> [Prompt]
Starting at the first line of the data, print every line up to and including the one with "import ezdxf", but no pictures.
=== Begin Enclosure ===
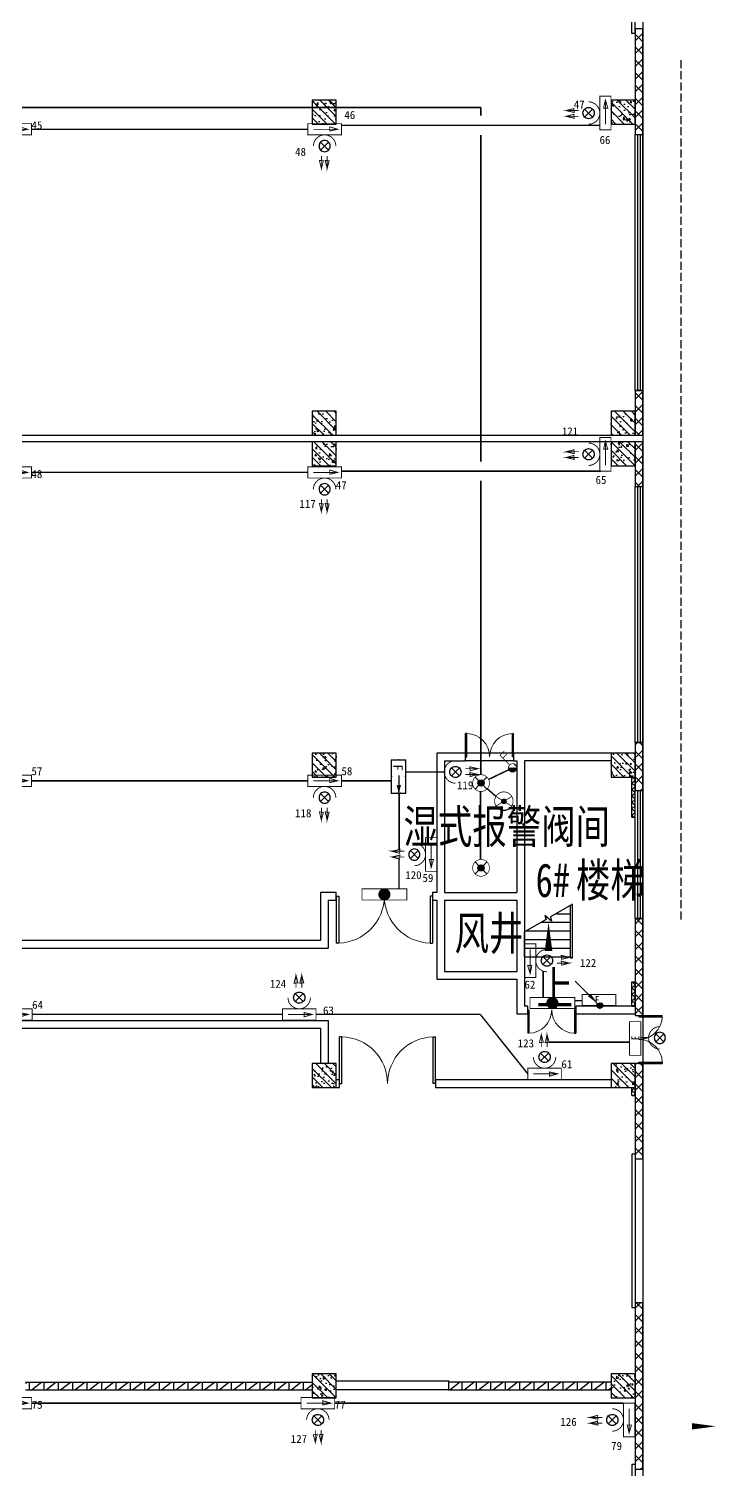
# Model space of a CAD drawing. Header units: millimetres. Extents: x -633009578 to 5705885, y -633235091 to 2571734.
# Drawn here: x 3144997 to 3166546, y 2095835 to 2140835 of the extents above; entities that cross this region are included whole.
import ezdxf
from ezdxf.enums import TextEntityAlignment as Align

# ---------------------------------------------------------------- set-up
doc = ezdxf.new("R2010")
doc.units = ezdxf.units.MM
doc.header["$LTSCALE"] = 1000
doc.header["$MEASUREMENT"] = 0
doc.linetypes.add('DASH', pattern=[0.35, 0.25, -0.1])
doc.layers.get('0').update_dxf_attribs({"color": 9})
for name, color, linetype in [('000000000000电气', 7, 'Continuous'), ('A-COLUM(柱)', 255, 'Continuous'), ('A-DI-S(箭头)', 76, 'Continuous'), ('A-DOOR(门）', 4, 'Continuous'), ('A-F-AREA(计算)', 5, 'Continuous'), ('A-FLOR(看线)', 8, 'Continuous'), ('A-HATH(填充)', 8, 'Continuous'), ('A-ST-O(室外)', 54, 'Continuous'), ('A-STAR(楼梯)', 51, 'Continuous'), ('A-TEXT(房间)', 243, 'Continuous'), ('A-WALL(墙)', 255, 'Continuous'), ('A-WINDOW（窗）', 4, 'Continuous'), ('DIM_SYMB', 3, 'Continuous'), ('PUB_TEXT', 7, 'Continuous'), ('WALL', 9, 'Continuous'), ('电-弱电平面-箭头', 3, 'Continuous'), ('电-强电平面-线缆', 3, 'Continuous'), ('设备-动力', 3, 'Continuous'), ('设备-照明', 3, 'Continuous')]:
    doc.layers.add(name, color=color, linetype=linetype)
doc.styles.add('_TCH', font='simhei.ttf', dxfattribs={"width": 0.75, "bigfont": 'hztxt.shx'})
doc.styles.add('_TCH_DIM', font='simhei.ttf', dxfattribs={"width": 0.8, "bigfont": 'hztxt.shx'})
doc.styles.add('_TEL_DIM', font='simhei.ttf', dxfattribs={"height": 3.5, "bigfont": 'HZTXT'})
doc.styles.add('IDQSTYLE', font='simhei.ttf', dxfattribs={"width": 0.707, "bigfont": 'hztxt.shx'})
doc.styles.get("Standard").update_dxf_attribs({"font": 'simhei.ttf', "bigfont": 'hztxt.shx'})
doc.styles.add('宋体', font='simhei.ttf')
pattern_1 = [(45, (597721.4751960551, 677964.29318137), (-100.0001016555733, 100.0001016555733), []), (135, (597721.4751960551, 677964.29318137), (-100.0001016555733, -100.0001016555733), [])]
pattern_2 = [(45, (597821.4751960551, 677964.29318137), (-200.0002033111466, 200.0002033111467), []), (135, (597821.4751960551, 677964.29318137), (-200.0002033111467, -200.0002033111466), [])]
pattern_3 = [(0, (597621.4751960551, 677964.29318137), (0, 350), []), (37.875, (598021.4751960551, 677964.29318137), (-169.61527734408, 218.0766567528281), []), (90, (598021.4751960551, 677964.29318137), (-450, 2.755455298081545e-14), [])]

# ---------------------------------------------------------------- blocks, each defined once
blk = doc.blocks.new('HC000080')
at = {"color": 0, "linetype": 'Continuous', "const_width": 0.2}
blk.add_lwpolyline([(-3.75, 1.25), (3.75, 1.25), (3.75, -1.25), (-3.75, -1.25), (-3.75, 1.25)], dxfattribs=at)
at = {"color": 0, "style": 'IDQSTYLE', "width": 0.7}
for tag, p in [('E', (-0.3130491551307273, -0.8903283460458624)), ('PSFHATT', (5.75, -1.25))]:
    blk.add_attdef(tag, p, '', height=1.715220417977644, dxfattribs=at)
blk = doc.blocks.new('*X126')
at = {"color": 0, "linetype": 'Continuous'}
for p, q in [((192.590110055903, 446.7242872143482), (193.9264208598343, 448.0605980182795)), ((192.6512440212146, 447.2096852483717), (193.4410228258108, 447.9994640529679)), ((192.666080612941, 446.3759937026742), (194.2747143715083, 447.9846274612416)), ((192.8122309321682, 446.0978799531896), (194.552828120993, 447.8384771420143)), ((193.0126674313866, 445.874052383696), (194.7766556904866, 447.6380406427959)), ((193.2651240367983, 445.7022449203958), (194.9484631537868, 447.3855840373842)), ((193.5780466605768, 445.5909034754624), (195.0598045987202, 447.0726614136058)), ((193.9838870800477, 445.5724798262212), (195.0782282479613, 446.6668209941349))]:
    blk.add_line(p, q, dxfattribs=at)
blk = doc.blocks.new('HC001447')
at = {"color": 0, "linetype": 'Continuous'}
blk.add_line((-5.469508829517324, -5.531426259851287), (-2.364015929042509, -2.356448738054951), dxfattribs=at)
blk.add_lwpolyline([(-2.364015929042509, -2.356448738054951, 0.8, 0, 0), (-0.4121164681388194, -0.4698776614111466, 0, 0, 0)], format="xyseb", dxfattribs=at)
blk.add_circle((0, 0), 0.625, dxfattribs=at)
at = {"color": 0, "linetype": 'Continuous', "xscale": 0.5, "yscale": 0.5, "zscale": 0.5}
blk.add_blockref('*X126', (-96.91845018383214, -223.4069038532592), dxfattribs=at)
at = {"color": 0, "style": 'IDQSTYLE', "width": 0.7}
blk.add_attdef('PSFHATT', (2.62500001, -5.531426259851287), '', height=2.5, dxfattribs=at)
blk = doc.blocks.new('HC000078')
at = {"color": 0, "linetype": 'Continuous', "const_width": 0.2}
for points in [[(-3.750000000000028, 1.25), (3.75, 1.25), (3.75, -1.25), (-3.750000000000028, -1.25), (-3.750000000000028, 1.25)], [(2.5, 0), (-2.500000000000028, 0)]]:
    blk.add_lwpolyline(points, dxfattribs=at)
blk.add_lwpolyline([(2.917016710174721, 0), (1.120131515022848, 0.3984556212736834), (1.120131515022848, -0.539087017017323)], close=True, dxfattribs=at)
at = {"color": 0, "style": 'IDQSTYLE', "width": 0.7}
blk.add_attdef('PSFHATT', (5.75, -1.25), '', height=2.5, dxfattribs=at)
blk = doc.blocks.new('HC000064')
at = {"color": 0, "linetype": 'Continuous'}
for p, q in [((-0.8838834764831063, -0.8838834764831063), (0.8838834764831063, 0.8838834764831063)), ((-0.8838834764830494, 0.8838834764831063), (0.8838834764831631, -0.8838834764831063))]:
    blk.add_line(p, q, dxfattribs=at)
at = {"color": 0, "linetype": 'Continuous', "const_width": 0.2}
blk.add_lwpolyline([(5.710751695749348e-14, 2.499999999999886, 0.1989123673796647), (-1.767766952966326, 1.767766952966327, 0.1989123673796613), (-2.5, 1.951292859901378e-16, 0.1989123673796761), (-1.767766952966326, -1.76776695296644, 0.1989123673796782), (5.594010226827932e-14, -2.500000000000227)], format="xyb", dxfattribs=at)
for points in [[(2.226896073527712, 0.5659208660671311), (5.003498004369476, 0.5624686703930024), (3.296463286048663, 1.009912150058199), (3.185957433181557, 0.1260038671447887), (5.003498004369476, 0.5624686703930024)], [(2.224443767981995, -0.721123763554715), (5.001045698823816, -0.7245759592289005), (3.294010980502946, -0.2771324795636474), (3.18350512763584, -1.161040762477114), (5.001045698823816, -0.7245759592289005)]]:
    blk.add_lwpolyline(points, dxfattribs=at)
at = {"color": 0, "linetype": 'Continuous'}
for centre, radius, start, end in [((1.199040866595169e-14, -7.105427357601002e-14), 1.250000000000069, 135.0000000000036, 179.9999999999968), ((-2.259303855112194e-14, -1.740829702612245e-13), 1.250000000000117, 89.99999999999898, 134.9999999999991), ((-9.10937991704941e-14, -1.740829702612245e-13), 1.250000000000117, 45.00000000000085, 89.99999999999582), ((-1.252331571777177e-13, -7.088774012231625e-14), 1.250000000000068, 3.249254662582951e-12, 44.99999999999639), ((-2.284838984678572e-13, -5.684341886080801e-14), 1.250000000000172, 315.0000000000093, 2.605510395054555e-12), ((-2.264854970235319e-14, -5.695444116327053e-14), 1.250000000000034, 179.9999999999974, 225.0000000000007), ((-2.270406085358445e-14, -1.338928967697939e-13), 1.24999999999998, 224.9999999999983, 270.000000000001), ((-9.131584377541913e-14, 3.996802888650564e-15), 1.250000000000118, 270.0000000000042, 315.0000000000028)]:
    blk.add_arc(centre, radius, start, end, dxfattribs=at)
at = {"color": 0, "style": 'IDQSTYLE', "width": 0.7}
blk.add_attdef('PSFHATT', (7.003498004369476, -2.500000010000227), '', height=2.5, dxfattribs=at)
blk = doc.blocks.new('*X118')
at = {"color": 0, "linetype": 'Continuous'}
for p, q in [((279.6093350358959, 223.0407925409721), (280.9478239213746, 224.3792814264508)), ((279.6227829512929, 223.3370831688437), (280.6515332934888, 224.3658335110396)), ((279.6511091444202, 222.7997239370217), (281.1888925253249, 224.3375073179265)), ((279.7280550816477, 222.5938271617747), (281.3947893005719, 224.2605613806989)), ((279.7925730165214, 223.7897159465469), (280.1989005157282, 224.1960434457536)), ((279.8323224122641, 222.4152517799165), (281.5733646824301, 224.1562940500824)), ((279.960458729053, 222.2605453842307), (281.7280710781159, 224.0281577332937)), ((280.1113752959016, 222.1286192386046), (281.8599972237337, 223.8772411664368)), ((280.2858431100155, 222.020244340244), (281.9683721221114, 223.7027733523398)), ((280.4868434366447, 221.9384019543985), (282.0502145079389, 223.5017730256928)), ((280.7212278995912, 221.8899437048705), (282.0986727574656, 223.2673885627449)), ((281.0058032732674, 221.891676366072), (282.0969400962746, 222.9828131890793)), ((281.4082737989092, 222.0113041792392), (281.9773122830819, 222.5803426634118))]:
    blk.add_line(p, q, dxfattribs=at)
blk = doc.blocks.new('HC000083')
=== End Enclosure ===
> [Expected output]
# Model space of a CAD drawing. Header units: millimetres. Extents: x -633009578 to 5705885, y -633235091 to 2571734.
# Drawn here: x 3144997 to 3166546, y 2095835 to 2140835 of the extents above; entities that cross this region are included whole.
import ezdxf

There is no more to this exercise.